Photobucket

Sabtu, 26 November 2011

MY MOM, THE GREATEST WOMAN IN THE WORLD..

Hi Mom, I wish you're always smiling up there..

Aku biasa memanggil ibuku dengan sebutan Andeh, yang merupakan sebutan dari suku Minangkabau.. Andeh, bila masih hidup saat ini, maka usianya mencapai 63 tahun. Namun, Andeh ditakdirkan meninggal dalam relatif usia muda. Beliau meninggal pada Januari 1995, saat berusia 46 tahun..

Aku ingat pada malam terakhir Andeh masih hidup (saat itu aku masih kelas 2 SMP). Ia sudah sangat kesakitan dengan kanker payudara yang telah menghabisi kedua buah dadanya. Andeh sudah tidak bisa lagi tidur berbaring karena rasa sakitnya, dia tidur terakhir di dunia ini dengan posisi terduduk di kursi yang terletak tepat di samping tempat tidurku. Kakak-kakakku menemani Andeh dengan tidur di lantai.

Saat aku terbangun keesokan paginya, aku sudah melihat Andeh tidak lagi ada di kursi sampuing tempat tidurku. Demikian pula dengan kakak-kakakku. Aku mendapat firasat tidak enak. Dan setelah aku mandi, salah satu kakakku mengebel pintu rumahku. Kakakku dengan tatapan kosong melihatku dan berkata, "Andeh meninggal". Aku tidak akan lupa saat itu, seakan-akan dunia di sekelilingku langsung runtuh. Aku pun menangis sejadi-jadinya di bahu kakakku. Aku tidak akan pernah lupa saat itu..

Ternyata, Andeh yang telah kesakitan selama beberapa terakhir menderita sesak nafas saat aku tertidur lelap. Akibatnya, kakak-kakakku dan ayahku segera membawa Andeh ke Rumah Sakit Cipto Mangunkusumo dengan menggunakan taksi. Namun, takdir memang telah menentukan lain. Andeh meninggal dunia karena komplikasi paru-paru basah di rumah sakit.
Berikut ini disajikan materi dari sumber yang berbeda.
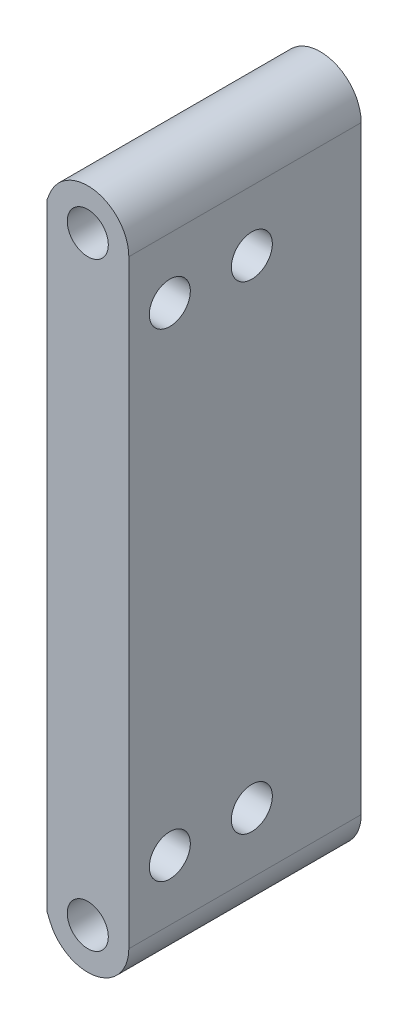
ISO-10303-21;
HEADER;
FILE_DESCRIPTION(('STEP AP214'),'2;1');
FILE_NAME('part.step','',(''),(''),'','','');
FILE_SCHEMA(('AUTOMOTIVE_DESIGN { 1 0 10303 214 1 1 1 1 }'));
ENDSEC;
DATA;
#1=APPLICATION_CONTEXT('core data for automotive mechanical design processes');
#2=APPLICATION_PROTOCOL_DEFINITION('international standard','automotive_design',2000,#1);
#3=PRODUCT_CONTEXT('',#1,'mechanical');
#4=PRODUCT('Part','Part','',(#3));
#5=PRODUCT_RELATED_PRODUCT_CATEGORY('part','',(#4));
#6=PRODUCT_DEFINITION_FORMATION('','',#4);
#7=PRODUCT_DEFINITION_CONTEXT('part definition',#1,'design');
#8=PRODUCT_DEFINITION('design','',#6,#7);
#9=PRODUCT_DEFINITION_SHAPE('','',#8);
#10=(LENGTH_UNIT() NAMED_UNIT(*) SI_UNIT(.MILLI.,.METRE.));
#11=(NAMED_UNIT(*) PLANE_ANGLE_UNIT() SI_UNIT($,.RADIAN.));
#12=(NAMED_UNIT(*) SI_UNIT($,.STERADIAN.) SOLID_ANGLE_UNIT());
#13=UNCERTAINTY_MEASURE_WITH_UNIT(LENGTH_MEASURE(1.E-05),#10,'distance_accuracy_value','');
#14=(GEOMETRIC_REPRESENTATION_CONTEXT(3) GLOBAL_UNCERTAINTY_ASSIGNED_CONTEXT((#13)) GLOBAL_UNIT_ASSIGNED_CONTEXT((#10,
#11,#12)) REPRESENTATION_CONTEXT('',''));
#15=CARTESIAN_POINT('',(0.,0.,0.));
#16=DIRECTION('',(0.,0.,1.));
#17=DIRECTION('',(1.,0.,0.));
#18=AXIS2_PLACEMENT_3D('',#15,#16,#17);
#19=CARTESIAN_POINT('',(-21.920310216783,21.920310216783,17.));
#20=DIRECTION('',(0.,0.,-1.));
#21=DIRECTION('',(-1.,0.,0.));
#22=AXIS2_PLACEMENT_3D('',#19,#20,#21);
#23=PLANE('',#22);
#24=DIRECTION('',(-0.38268343236509,-0.923879532511287,0.));
#25=VECTOR('',#24,1.);
#26=CARTESIAN_POINT('',(-24.6919488143168,23.0683605138782,17.));
#27=LINE('',#26,#25);
#28=CARTESIAN_POINT('',(-24.6919488143168,23.0683605138782,17.));
#29=VERTEX_POINT('',#28);
#30=CARTESIAN_POINT('',(-24.920310216783,22.517047318922,17.));
#31=VERTEX_POINT('',#30);
#32=EDGE_CURVE('E98',#29,#31,#27,.T.);
#33=ORIENTED_EDGE('',*,*,#32,.T.);
#34=DIRECTION('',(0.,1.,0.));
#35=VECTOR('',#34,1.);
#36=CARTESIAN_POINT('',(-24.920310216783,22.517047318922,17.));
#37=LINE('',#36,#35);
#38=CARTESIAN_POINT('',(-24.920310216783,-22.517047318922,17.));
#39=VERTEX_POINT('',#38);
#40=EDGE_CURVE('E116',#39,#31,#37,.T.);
#41=ORIENTED_EDGE('',*,*,#40,.F.);
#42=DIRECTION('',(0.38268343236509,-0.923879532511287,0.));
#43=VECTOR('',#42,1.);
#44=CARTESIAN_POINT('',(-24.6919488143168,-23.0683605138782,17.));
#45=LINE('',#44,#43);
#46=CARTESIAN_POINT('',(-24.6919488143168,-23.0683605138782,17.));
#47=VERTEX_POINT('',#46);
#48=EDGE_CURVE('E152',#39,#47,#45,.T.);
#49=ORIENTED_EDGE('',*,*,#48,.T.);
#50=CARTESIAN_POINT('',(-21.920310216783,-21.920310216783,17.));
#51=DIRECTION('',(0.,0.,1.));
#52=DIRECTION('',(1.,0.,0.));
#53=AXIS2_PLACEMENT_3D('',#50,#51,#52);
#54=CIRCLE('',#53,3.);
#55=CARTESIAN_POINT('',(-18.920310216783,-21.920310216783,17.));
#56=VERTEX_POINT('',#55);
#57=EDGE_CURVE('E156',#47,#56,#54,.T.);
#58=ORIENTED_EDGE('',*,*,#57,.T.);
#59=DIRECTION('',(0.,1.,0.));
#60=VECTOR('',#59,1.);
#61=CARTESIAN_POINT('',(-18.920310216783,-21.920310216783,17.));
#62=LINE('',#61,#60);
#63=CARTESIAN_POINT('',(-18.920310216783,21.920310216783,17.));
#64=VERTEX_POINT('',#63);
#65=EDGE_CURVE('E64',#56,#64,#62,.T.);
#66=ORIENTED_EDGE('',*,*,#65,.T.);
#67=CARTESIAN_POINT('',(-21.920310216783,21.920310216783,17.));
#68=DIRECTION('',(0.,0.,1.));
#69=DIRECTION('',(-1.,0.,0.));
#70=AXIS2_PLACEMENT_3D('',#67,#68,#69);
#71=CIRCLE('',#70,3.);
#72=EDGE_CURVE('E151',#64,#29,#71,.T.);
#73=ORIENTED_EDGE('',*,*,#72,.T.);
#74=EDGE_LOOP('',(#33,#41,#49,#58,#66,#73));
#75=FACE_BOUND('',#74,.T.);
#76=CARTESIAN_POINT('',(-21.920310216783,21.920310216783,17.));
#77=DIRECTION('',(0.,0.,1.));
#78=DIRECTION('',(1.,0.,0.));
#79=AXIS2_PLACEMENT_3D('',#76,#77,#78);
#80=CIRCLE('',#79,1.5);
#81=CARTESIAN_POINT('',(-20.420310216783,21.920310216783,17.));
#82=VERTEX_POINT('',#81);
#83=EDGE_CURVE('E142',#82,#82,#80,.T.);
#84=ORIENTED_EDGE('',*,*,#83,.F.);
#85=EDGE_LOOP('',(#84));
#86=FACE_BOUND('',#85,.T.);
#87=CARTESIAN_POINT('',(-21.920310216783,-21.920310216783,17.));
#88=DIRECTION('',(0.,0.,1.));
#89=DIRECTION('',(1.,0.,0.));
#90=AXIS2_PLACEMENT_3D('',#87,#88,#89);
#91=CIRCLE('',#90,1.5);
#92=CARTESIAN_POINT('',(-20.420310216783,-21.920310216783,17.));
#93=VERTEX_POINT('',#92);
#94=EDGE_CURVE('E134',#93,#93,#91,.T.);
#95=ORIENTED_EDGE('',*,*,#94,.F.);
#96=EDGE_LOOP('',(#95));
#97=FACE_BOUND('',#96,.T.);
#98=ADVANCED_FACE('F39',(#75,#86,#97),#23,.F.);
#99=CARTESIAN_POINT('',(-21.920310216783,21.920310216783,0.));
#100=DIRECTION('',(0.,0.,-1.));
#101=DIRECTION('',(-1.,0.,0.));
#102=AXIS2_PLACEMENT_3D('',#99,#100,#101);
#103=PLANE('',#102);
#104=CARTESIAN_POINT('',(-21.920310216783,21.920310216783,0.));
#105=DIRECTION('',(0.,0.,1.));
#106=DIRECTION('',(1.,0.,0.));
#107=AXIS2_PLACEMENT_3D('',#104,#105,#106);
#108=CIRCLE('',#107,1.5);
#109=CARTESIAN_POINT('',(-20.420310216783,21.920310216783,0.));
#110=VERTEX_POINT('',#109);
#111=EDGE_CURVE('E136',#110,#110,#108,.T.);
#112=ORIENTED_EDGE('',*,*,#111,.T.);
#113=EDGE_LOOP('',(#112));
#114=FACE_BOUND('',#113,.T.);
#115=CARTESIAN_POINT('',(-21.920310216783,21.920310216783,0.));
#116=DIRECTION('',(0.,0.,1.));
#117=DIRECTION('',(-1.,0.,0.));
#118=AXIS2_PLACEMENT_3D('',#115,#116,#117);
#119=CIRCLE('',#118,3.);
#120=CARTESIAN_POINT('',(-18.920310216783,21.920310216783,0.));
#121=VERTEX_POINT('',#120);
#122=CARTESIAN_POINT('',(-24.6919488143168,23.0683605138782,0.));
#123=VERTEX_POINT('',#122);
#124=EDGE_CURVE('E147',#121,#123,#119,.T.);
#125=ORIENTED_EDGE('',*,*,#124,.F.);
#126=DIRECTION('',(0.,1.,0.));
#127=VECTOR('',#126,1.);
#128=CARTESIAN_POINT('',(-18.920310216783,-21.920310216783,0.));
#129=LINE('',#128,#127);
#130=CARTESIAN_POINT('',(-18.920310216783,-21.920310216783,0.));
#131=VERTEX_POINT('',#130);
#132=EDGE_CURVE('E93',#131,#121,#129,.T.);
#133=ORIENTED_EDGE('',*,*,#132,.F.);
#134=CARTESIAN_POINT('',(-21.920310216783,-21.920310216783,0.));
#135=DIRECTION('',(0.,0.,1.));
#136=DIRECTION('',(1.,0.,0.));
#137=AXIS2_PLACEMENT_3D('',#134,#135,#136);
#138=CIRCLE('',#137,3.);
#139=CARTESIAN_POINT('',(-24.6919488143168,-23.0683605138782,0.));
#140=VERTEX_POINT('',#139);
#141=EDGE_CURVE('E166',#140,#131,#138,.T.);
#142=ORIENTED_EDGE('',*,*,#141,.F.);
#143=DIRECTION('',(0.38268343236509,-0.923879532511287,0.));
#144=VECTOR('',#143,1.);
#145=CARTESIAN_POINT('',(-24.6919488143168,-23.0683605138782,0.));
#146=LINE('',#145,#144);
#147=CARTESIAN_POINT('',(-33.7716385975339,-1.14805029709527,0.));
#148=VERTEX_POINT('',#147);
#149=EDGE_CURVE('E170',#148,#140,#146,.T.);
#150=ORIENTED_EDGE('',*,*,#149,.F.);
#151=CARTESIAN_POINT('',(-31.,0.,0.));
#152=DIRECTION('',(0.,0.,1.));
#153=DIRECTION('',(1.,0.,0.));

Sebelumnya, Andeh telah menjalani berbagai macam pengobatan, mulai dari alternatif hingga kemoterapi. Saat dia dikemoterapi, rambut Andeh perlahan-lahan rontok hingga tersisa sedikit saja di kepalanya. Akibatnya, Andeh harus memakai penutup kepala untuk menutupi kepalanya yang nyaris botak.. Karena saat itu masih jarang perempuan yang memakai jilbab atau penutup kepala, Andeh sering dipanggil "Bu Haji... Bu Haji..." Andeh sering tersenyum karena dia sendiri sebenarnya belum pernah naik haji (itu adalah keinginan terbesarnya yang belum sempat dia wujudkan sebelum dirinya meninggal).

Andeh sebenarnya berasal dari keluarga berada. Ayah dari Andeh (aku menyebutnya Atok) adalah diplomat yang telah bertugas di berbagai negara di kawasan Timur Tengah. Andeh sendiri menemui jodohnya (yaitu Ayahku) di Beirut, Lebanon pada akhir 60-an. Ketika itu, Ayahku adalah seorang mahasiswa yang hidup pas-pasan. Usianya juga terpaut 15 tahun lebih tua dari Andeh.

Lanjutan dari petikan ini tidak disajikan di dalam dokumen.